Ever wonder why the same things keep happening over and over, or when will things be different? The same things happen first, because there is nothing new, and second the old stuff just keep going around and around. Things will be different when Jesus comes. Until then He is by our side and equips us to handle situations.

God is continually working on and in us to get us ready to face life's challenges. Everyday He *adds to our faith *so that we will rely and trust in Him more. He is growing our faith so daily we can have more power to stand in trying times. God *stretches our patience* level so that we are able to endure the short comings of other people. He whispers to us that, "none are perfect" to remind us that we also have faults, so that we can bear the weakness of others. A touch of *hope is added* to let us know that all of our hope is in God, because without Him there is no hope, no, way. God *multiplies our joy* because He knows that some things will come along and knock us to our knees and the only way we can stand is if we have joy that is deeply planted in our hearts. Joy isn't determined by ones circumstances. Last, God *increases our love,* He is the only one who can help us to love those who have misused, slandered, or caused us harm in some way. God isn't through with us yet so our instincts say, "hate them, God says, "love them." Thank God He keeps on working on us daily, providing us with what we need. What kind of world would it be if God was not at work in the Christian's life?
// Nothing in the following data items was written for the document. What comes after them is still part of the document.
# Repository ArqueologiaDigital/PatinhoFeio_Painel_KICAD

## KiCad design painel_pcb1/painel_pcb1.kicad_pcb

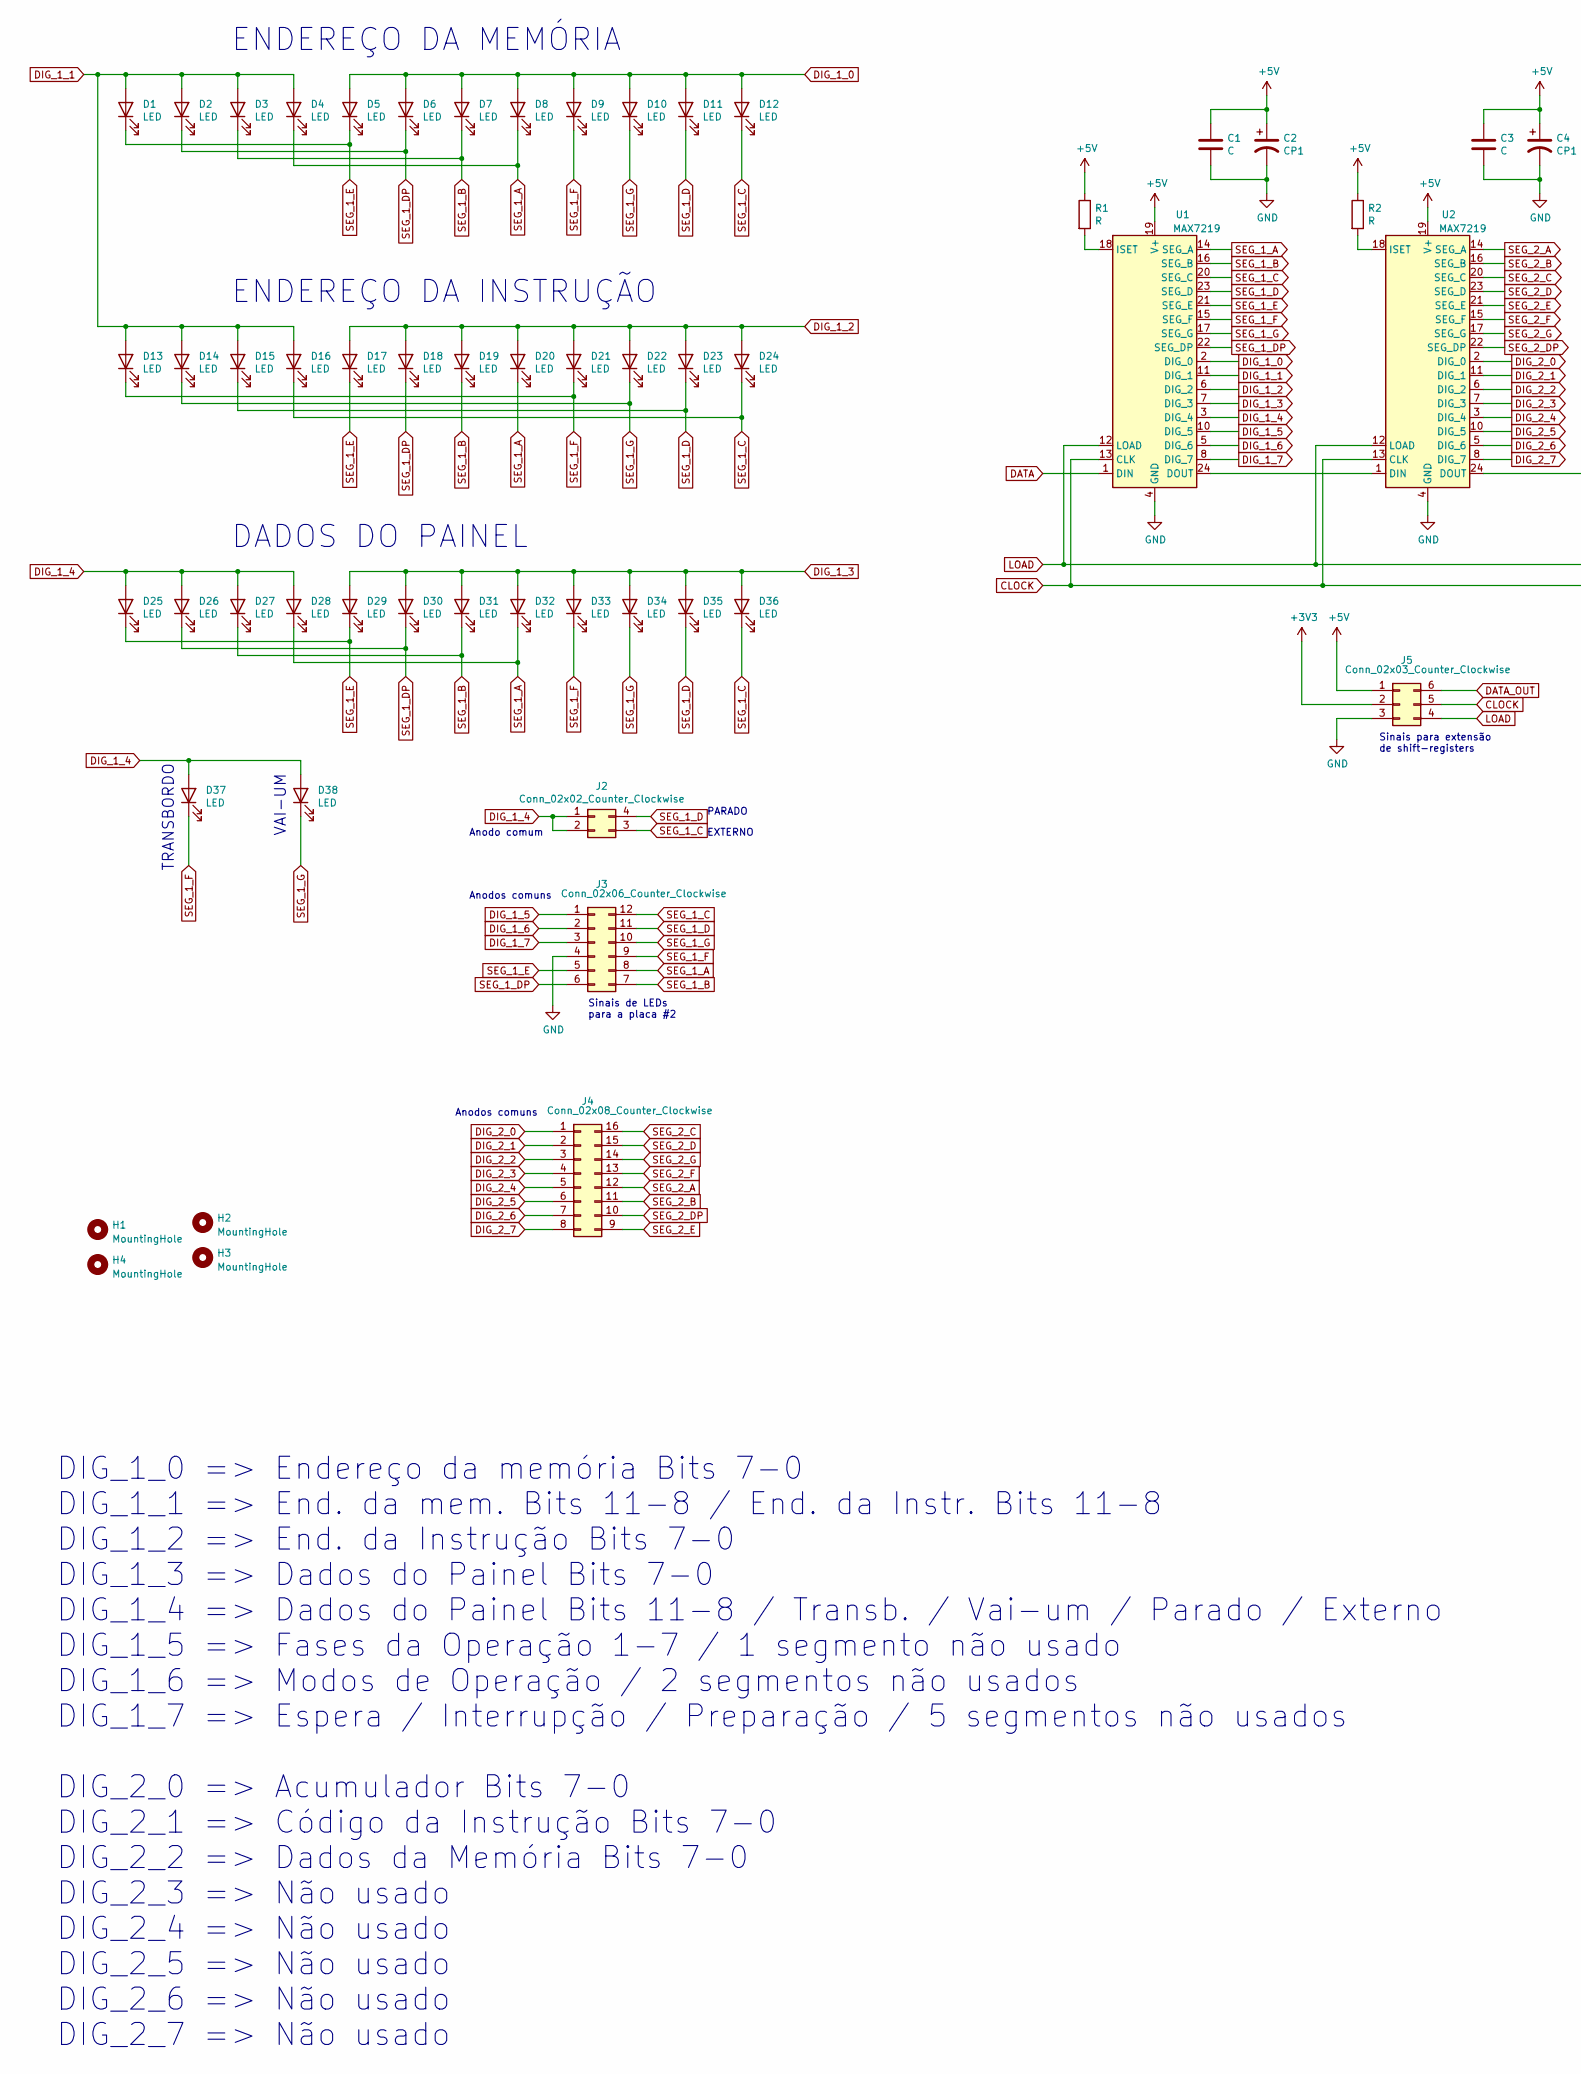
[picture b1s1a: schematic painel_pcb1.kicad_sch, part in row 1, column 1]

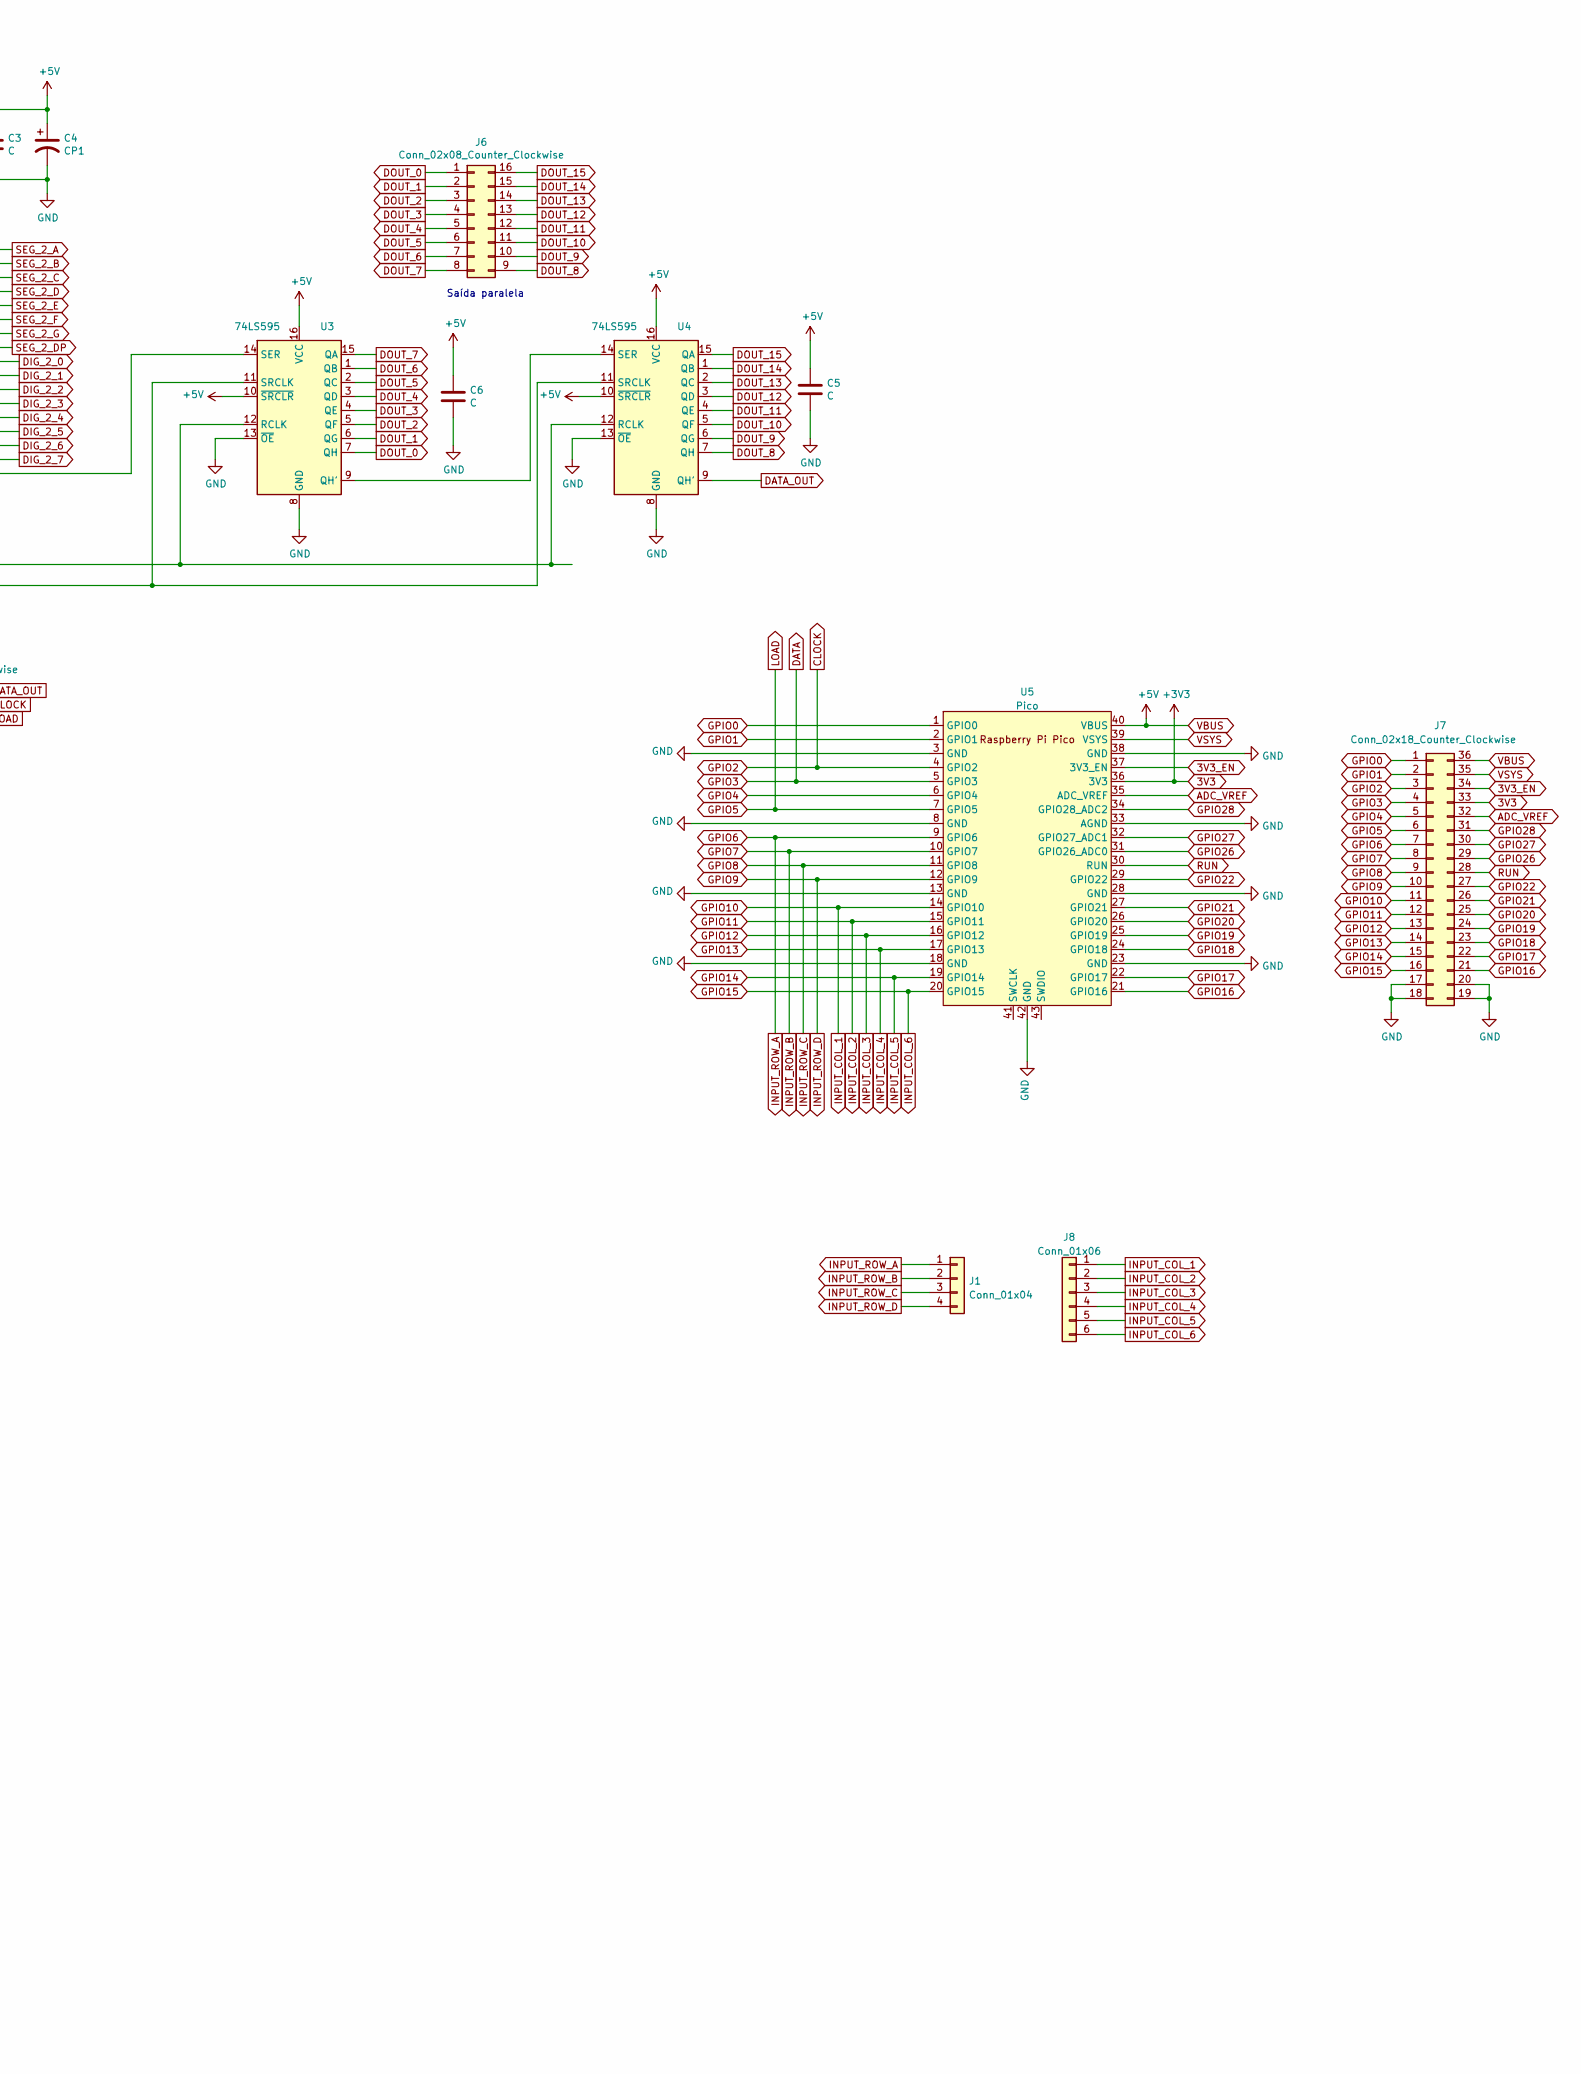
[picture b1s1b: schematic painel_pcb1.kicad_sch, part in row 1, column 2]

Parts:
C1, C3, C5, C6: C; C_Disc_D5.0mm_W2.5mm_P2.50mm
C2, C4: CP1; CP_Radial_D4.0mm_P2.00mm
D1, D2, D3, D4, D5, D6, D7, D8, D9, D10, D11, D12, D13, D14, D15, D16, D17, D18, D19, D20, D21, D22, D23, D24, D25, D26, D27, D28, D29, D30, D31, D32, D33, D34, D35, D36, D37, D38: LED; LED_D3.0mm
H1, H2, H3, H4: MountingHole; MountingHole_3.2mm_M3
J1: Conn_01x04; PinHeader_1x04_P2.54mm_Vertical
J2: Conn_02x02_Counter_Clockwise; PinHeader_2x02_P2.54mm_Vertical
J3: Conn_02x06_Counter_Clockwise; PinHeader_2x06_P2.54mm_Vertical
J4, J6: Conn_02x08_Counter_Clockwise; PinHeader_2x08_P2.54mm_Vertical
J5: Conn_02x03_Counter_Clockwise; PinHeader_2x03_P2.54mm_Vertical
J7: Conn_02x18_Counter_Clockwise; PinHeader_2x18_P2.54mm_Vertical
J8: Conn_01x06; PinHeader_1x06_P2.54mm_Vertical
R1, R2: R; R_Axial_DIN0207_L6.3mm_D2.5mm_P10.16mm_Horizontal
U1, U2: MAX7219; DIP-24_W7.62mm_Socket_LongPads
U3, U4: 74LS595; DIP-16_W7.62mm_LongPads
U5: Pico; RPi_Pico_SMD_TH

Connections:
3V3: J5.2, J7.33, U5.36 (3V3)
3V3_EN: J7.34, U5.37 (3V3_EN)
ADC_VREF: J7.32, U5.35 (ADC_VREF)
CLOCK: J5.5, J7.3, U1.13 (CLK), U2.13 (CLK), U3.11 (SRCLK), U4.11 (SRCLK), U5.4 (GPIO2)
DATA: J7.4, U1.1 (DIN), U5.5 (GPIO3)
DATA_OUT: J5.6, U4.9 (QH')
DIG_1_0: D5.2 (A), D6.2 (A), D7.2 (A), D8.2 (A), D9.2 (A), D10.2 (A), D11.2 (A), D12.2 (A), U1.2 (DIG_0)
DIG_1_1: D1.2 (A), D2.2 (A), D3.2 (A), D4.2 (A), D13.2 (A), D14.2 (A), D15.2 (A), D16.2 (A), U1.11 (DIG_1)
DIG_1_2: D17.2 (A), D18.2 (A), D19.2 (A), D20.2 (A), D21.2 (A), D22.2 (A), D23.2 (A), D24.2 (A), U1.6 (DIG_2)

Have a Turn Around Thursday.


----------



## Mrs Backlasher (Dec 19, 2004)

Praise the Lord, that God isn't finished with us yet!

"Looking unto Jesus, the author and finisher of our faith."

"Faith cometh by hearing, and hearing by the word of God."

I thank God for the easy accessibility we have to the printed and recorded word of God, the Bible. Thank you for your post!


----------



## RP459 (May 11, 2005)

Thanks for your post. We never know what words God might give us to share with others that will reach them when they need it most.

Your thoughts were right on time. 

Give thanks to God for all things, for it is from Him that all things are given.


----------



## FishingFrank (Oct 30, 2006)

I'm new to this 2coolfishing.com, but maybe the word cool is there for a reason. I was just doing a little browsing when I ran across you folks chating about all the above when it comes to the good Lord, like I said this is some cool stuff. May the good Lord Bless each and every one of you today and everyday.


----------



## spotted ape (Jun 19, 2005)

*thanks Frank*

Welcome aboard Frank . It is cool and my the good lord belss you also..Have a super day from the ape.........


----------



## FishingFrank (Oct 30, 2006)

Hey!!! thanks ape man, today is Friday and I will be passing through your neck of the woods this afternoon on my way to my deer lease, I'll wave as I pass by main street from 59, have a good weekend.


----------



## Mrs Backlasher (Dec 19, 2004)

Welcome, Fishing Frank! I'm glad you've come aboard. Mrs. B


----------